Look below for the line containing "note: anti windup"; from there, print each line exactly up to and including the line containing "Sum/1 -> Saturation/1, Sum1/1", and stop.

Records drawn from a dataset —
-- Opening Marker --
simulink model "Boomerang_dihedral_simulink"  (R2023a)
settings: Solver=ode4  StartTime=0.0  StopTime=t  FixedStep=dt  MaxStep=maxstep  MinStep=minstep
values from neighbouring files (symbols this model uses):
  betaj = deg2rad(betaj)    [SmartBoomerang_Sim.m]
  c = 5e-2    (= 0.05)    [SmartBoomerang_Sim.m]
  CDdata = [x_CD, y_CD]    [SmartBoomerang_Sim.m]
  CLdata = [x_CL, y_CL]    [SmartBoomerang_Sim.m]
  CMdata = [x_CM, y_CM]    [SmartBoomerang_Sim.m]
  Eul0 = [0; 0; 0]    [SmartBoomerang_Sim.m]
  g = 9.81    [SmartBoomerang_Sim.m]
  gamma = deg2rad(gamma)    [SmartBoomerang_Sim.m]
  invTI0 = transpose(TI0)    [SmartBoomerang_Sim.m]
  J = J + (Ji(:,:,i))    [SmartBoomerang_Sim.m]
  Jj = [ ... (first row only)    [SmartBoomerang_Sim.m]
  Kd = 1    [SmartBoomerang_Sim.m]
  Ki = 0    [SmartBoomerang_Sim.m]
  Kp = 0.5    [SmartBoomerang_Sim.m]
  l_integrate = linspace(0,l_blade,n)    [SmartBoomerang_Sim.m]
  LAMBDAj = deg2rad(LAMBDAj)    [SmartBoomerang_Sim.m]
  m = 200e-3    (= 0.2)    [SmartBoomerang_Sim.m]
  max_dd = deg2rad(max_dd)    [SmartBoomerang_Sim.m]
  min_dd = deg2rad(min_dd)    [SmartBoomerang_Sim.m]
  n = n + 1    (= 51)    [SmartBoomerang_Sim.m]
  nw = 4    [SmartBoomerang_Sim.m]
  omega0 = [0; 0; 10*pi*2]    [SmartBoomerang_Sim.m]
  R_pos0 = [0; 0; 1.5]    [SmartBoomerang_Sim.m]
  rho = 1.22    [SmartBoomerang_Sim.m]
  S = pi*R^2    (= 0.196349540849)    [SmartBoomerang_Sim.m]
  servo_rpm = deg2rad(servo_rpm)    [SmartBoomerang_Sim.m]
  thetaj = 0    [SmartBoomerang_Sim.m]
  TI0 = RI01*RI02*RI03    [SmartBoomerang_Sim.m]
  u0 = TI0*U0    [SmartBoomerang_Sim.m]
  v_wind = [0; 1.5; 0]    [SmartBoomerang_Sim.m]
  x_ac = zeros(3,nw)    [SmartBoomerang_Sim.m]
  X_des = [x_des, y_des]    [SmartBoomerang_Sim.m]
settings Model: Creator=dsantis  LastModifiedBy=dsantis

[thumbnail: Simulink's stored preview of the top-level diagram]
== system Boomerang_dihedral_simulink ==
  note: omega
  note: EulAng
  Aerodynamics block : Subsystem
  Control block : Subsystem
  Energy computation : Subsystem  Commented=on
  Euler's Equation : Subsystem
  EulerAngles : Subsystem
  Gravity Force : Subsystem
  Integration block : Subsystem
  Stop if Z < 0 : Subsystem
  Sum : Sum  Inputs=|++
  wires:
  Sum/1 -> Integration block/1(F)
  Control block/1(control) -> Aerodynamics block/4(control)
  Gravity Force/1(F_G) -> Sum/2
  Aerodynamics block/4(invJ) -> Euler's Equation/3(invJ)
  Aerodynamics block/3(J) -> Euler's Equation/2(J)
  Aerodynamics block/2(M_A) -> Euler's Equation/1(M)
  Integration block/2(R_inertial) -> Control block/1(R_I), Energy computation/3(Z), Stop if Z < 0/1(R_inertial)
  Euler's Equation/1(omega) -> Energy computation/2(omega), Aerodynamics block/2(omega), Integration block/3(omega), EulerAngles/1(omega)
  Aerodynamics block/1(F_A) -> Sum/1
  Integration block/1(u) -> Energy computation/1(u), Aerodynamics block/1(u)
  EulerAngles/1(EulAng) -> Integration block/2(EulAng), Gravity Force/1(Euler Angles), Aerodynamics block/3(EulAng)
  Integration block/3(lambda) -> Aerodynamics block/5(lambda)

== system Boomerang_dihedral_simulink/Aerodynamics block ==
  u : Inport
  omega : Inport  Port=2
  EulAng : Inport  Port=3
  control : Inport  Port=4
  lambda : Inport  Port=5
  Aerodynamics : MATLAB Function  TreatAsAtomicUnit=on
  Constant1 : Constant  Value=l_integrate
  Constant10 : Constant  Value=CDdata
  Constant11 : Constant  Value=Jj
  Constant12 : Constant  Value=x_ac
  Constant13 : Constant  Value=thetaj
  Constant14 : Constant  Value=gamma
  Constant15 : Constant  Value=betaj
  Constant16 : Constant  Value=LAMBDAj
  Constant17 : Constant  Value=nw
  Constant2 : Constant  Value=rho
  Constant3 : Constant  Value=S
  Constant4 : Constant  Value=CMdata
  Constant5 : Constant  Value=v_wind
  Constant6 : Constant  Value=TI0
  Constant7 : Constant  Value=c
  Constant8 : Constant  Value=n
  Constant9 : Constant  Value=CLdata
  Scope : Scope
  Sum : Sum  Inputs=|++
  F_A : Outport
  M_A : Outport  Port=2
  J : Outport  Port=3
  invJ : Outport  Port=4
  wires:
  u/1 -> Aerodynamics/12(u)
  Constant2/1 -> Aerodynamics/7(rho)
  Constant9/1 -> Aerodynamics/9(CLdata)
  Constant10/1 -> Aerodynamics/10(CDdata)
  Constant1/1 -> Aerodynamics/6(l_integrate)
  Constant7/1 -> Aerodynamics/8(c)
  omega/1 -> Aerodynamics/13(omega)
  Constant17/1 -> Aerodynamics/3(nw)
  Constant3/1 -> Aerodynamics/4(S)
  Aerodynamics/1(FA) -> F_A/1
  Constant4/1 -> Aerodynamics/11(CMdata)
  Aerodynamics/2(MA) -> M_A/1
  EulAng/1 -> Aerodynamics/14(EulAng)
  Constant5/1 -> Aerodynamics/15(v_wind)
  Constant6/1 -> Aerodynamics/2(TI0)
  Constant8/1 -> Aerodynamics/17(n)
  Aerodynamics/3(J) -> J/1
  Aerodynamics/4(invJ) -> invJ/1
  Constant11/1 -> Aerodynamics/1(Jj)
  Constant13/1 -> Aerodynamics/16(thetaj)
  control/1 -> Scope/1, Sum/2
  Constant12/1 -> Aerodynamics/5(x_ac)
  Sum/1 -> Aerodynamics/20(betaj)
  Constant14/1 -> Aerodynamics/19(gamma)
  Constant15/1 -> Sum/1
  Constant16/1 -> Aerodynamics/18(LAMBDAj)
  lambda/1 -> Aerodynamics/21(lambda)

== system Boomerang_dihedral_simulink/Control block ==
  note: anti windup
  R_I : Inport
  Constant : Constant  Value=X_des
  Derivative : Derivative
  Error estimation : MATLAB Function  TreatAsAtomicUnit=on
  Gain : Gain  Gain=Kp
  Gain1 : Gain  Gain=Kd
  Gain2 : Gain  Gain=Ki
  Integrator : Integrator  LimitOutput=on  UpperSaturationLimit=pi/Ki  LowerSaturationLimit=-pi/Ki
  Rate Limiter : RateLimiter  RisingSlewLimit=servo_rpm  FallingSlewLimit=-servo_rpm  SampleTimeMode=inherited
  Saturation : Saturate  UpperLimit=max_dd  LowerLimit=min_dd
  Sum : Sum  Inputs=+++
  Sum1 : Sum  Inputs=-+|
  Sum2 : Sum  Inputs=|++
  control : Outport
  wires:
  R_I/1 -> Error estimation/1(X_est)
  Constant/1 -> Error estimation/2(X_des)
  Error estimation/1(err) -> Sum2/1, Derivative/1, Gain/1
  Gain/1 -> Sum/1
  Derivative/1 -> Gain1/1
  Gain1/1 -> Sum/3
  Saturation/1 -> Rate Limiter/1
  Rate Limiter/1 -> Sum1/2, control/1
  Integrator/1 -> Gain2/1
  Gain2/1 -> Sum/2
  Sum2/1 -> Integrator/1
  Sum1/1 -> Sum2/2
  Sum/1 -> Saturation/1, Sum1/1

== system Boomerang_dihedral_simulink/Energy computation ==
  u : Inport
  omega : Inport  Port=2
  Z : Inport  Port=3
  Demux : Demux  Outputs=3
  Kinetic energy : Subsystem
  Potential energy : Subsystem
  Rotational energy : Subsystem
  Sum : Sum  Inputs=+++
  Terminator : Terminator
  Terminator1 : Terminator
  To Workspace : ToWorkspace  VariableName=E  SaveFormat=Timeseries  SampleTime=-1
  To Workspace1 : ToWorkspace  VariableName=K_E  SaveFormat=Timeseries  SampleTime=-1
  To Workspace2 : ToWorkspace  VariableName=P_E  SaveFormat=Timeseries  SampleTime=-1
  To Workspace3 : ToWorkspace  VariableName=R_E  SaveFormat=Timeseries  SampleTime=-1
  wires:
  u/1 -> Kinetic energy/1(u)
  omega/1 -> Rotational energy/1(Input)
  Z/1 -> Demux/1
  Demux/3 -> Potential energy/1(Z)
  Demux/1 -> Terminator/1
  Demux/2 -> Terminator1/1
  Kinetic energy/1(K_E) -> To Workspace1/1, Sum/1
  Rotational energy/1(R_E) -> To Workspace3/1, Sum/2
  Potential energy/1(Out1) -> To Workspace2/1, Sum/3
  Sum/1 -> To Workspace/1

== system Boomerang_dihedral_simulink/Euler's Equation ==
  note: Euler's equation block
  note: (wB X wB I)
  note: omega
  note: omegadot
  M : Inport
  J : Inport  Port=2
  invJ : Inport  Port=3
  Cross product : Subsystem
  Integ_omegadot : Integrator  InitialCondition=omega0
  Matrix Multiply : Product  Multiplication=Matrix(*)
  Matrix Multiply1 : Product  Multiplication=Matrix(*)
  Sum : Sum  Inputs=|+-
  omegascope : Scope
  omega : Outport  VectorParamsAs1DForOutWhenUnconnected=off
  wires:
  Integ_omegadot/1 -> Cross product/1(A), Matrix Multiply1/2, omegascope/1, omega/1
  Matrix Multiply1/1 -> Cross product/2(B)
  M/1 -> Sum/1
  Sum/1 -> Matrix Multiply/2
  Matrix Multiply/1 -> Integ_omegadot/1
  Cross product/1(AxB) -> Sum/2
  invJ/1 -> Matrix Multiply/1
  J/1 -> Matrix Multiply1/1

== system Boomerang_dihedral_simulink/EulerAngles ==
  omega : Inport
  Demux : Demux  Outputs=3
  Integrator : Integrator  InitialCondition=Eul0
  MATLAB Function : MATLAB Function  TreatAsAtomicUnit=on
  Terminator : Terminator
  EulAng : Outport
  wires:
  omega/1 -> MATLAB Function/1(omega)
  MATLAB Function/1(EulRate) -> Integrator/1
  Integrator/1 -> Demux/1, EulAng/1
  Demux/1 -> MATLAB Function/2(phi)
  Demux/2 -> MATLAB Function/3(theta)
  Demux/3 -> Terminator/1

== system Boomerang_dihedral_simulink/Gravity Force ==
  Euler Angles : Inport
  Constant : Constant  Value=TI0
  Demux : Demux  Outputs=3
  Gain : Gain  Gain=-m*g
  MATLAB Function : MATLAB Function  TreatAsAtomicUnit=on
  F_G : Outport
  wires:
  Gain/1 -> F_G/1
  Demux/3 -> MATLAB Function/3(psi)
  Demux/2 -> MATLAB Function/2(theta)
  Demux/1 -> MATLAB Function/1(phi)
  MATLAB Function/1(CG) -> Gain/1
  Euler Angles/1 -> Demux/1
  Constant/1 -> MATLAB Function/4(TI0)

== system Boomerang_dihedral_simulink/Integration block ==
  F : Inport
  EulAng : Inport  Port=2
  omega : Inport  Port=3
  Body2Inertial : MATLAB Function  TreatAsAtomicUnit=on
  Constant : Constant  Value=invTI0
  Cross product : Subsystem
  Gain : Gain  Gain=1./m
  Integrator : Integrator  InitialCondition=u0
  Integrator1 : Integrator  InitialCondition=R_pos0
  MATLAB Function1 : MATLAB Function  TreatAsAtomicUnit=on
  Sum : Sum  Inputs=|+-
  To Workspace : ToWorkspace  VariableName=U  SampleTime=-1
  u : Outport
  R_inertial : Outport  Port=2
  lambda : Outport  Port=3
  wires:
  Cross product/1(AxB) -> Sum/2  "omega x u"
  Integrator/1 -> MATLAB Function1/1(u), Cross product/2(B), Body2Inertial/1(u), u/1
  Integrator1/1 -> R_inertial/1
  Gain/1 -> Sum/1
-- Closing Marker --
RESPONSE AREA —
  note: anti windup
  R_I : Inport
  Constant : Constant  Value=X_des
  Derivative : Derivative
  Error estimation : MATLAB Function  TreatAsAtomicUnit=on
  Gain : Gain  Gain=Kp
  Gain1 : Gain  Gain=Kd
  Gain2 : Gain  Gain=Ki
  Integrator : Integrator  LimitOutput=on  UpperSaturationLimit=pi/Ki  LowerSaturationLimit=-pi/Ki
  Rate Limiter : RateLimiter  RisingSlewLimit=servo_rpm  FallingSlewLimit=-servo_rpm  SampleTimeMode=inherited
  Saturation : Saturate  UpperLimit=max_dd  LowerLimit=min_dd
  Sum : Sum  Inputs=+++
  Sum1 : Sum  Inputs=-+|
  Sum2 : Sum  Inputs=|++
  control : Outport
  wires:
  R_I/1 -> Error estimation/1(X_est)
  Constant/1 -> Error estimation/2(X_des)
  Error estimation/1(err) -> Sum2/1, Derivative/1, Gain/1
  Gain/1 -> Sum/1
  Derivative/1 -> Gain1/1
  Gain1/1 -> Sum/3
  Saturation/1 -> Rate Limiter/1
  Rate Limiter/1 -> Sum1/2, control/1
  Integrator/1 -> Gain2/1
  Gain2/1 -> Sum/2
  Sum2/1 -> Integrator/1
  Sum1/1 -> Sum2/2
  Sum/1 -> Saturation/1, Sum1/1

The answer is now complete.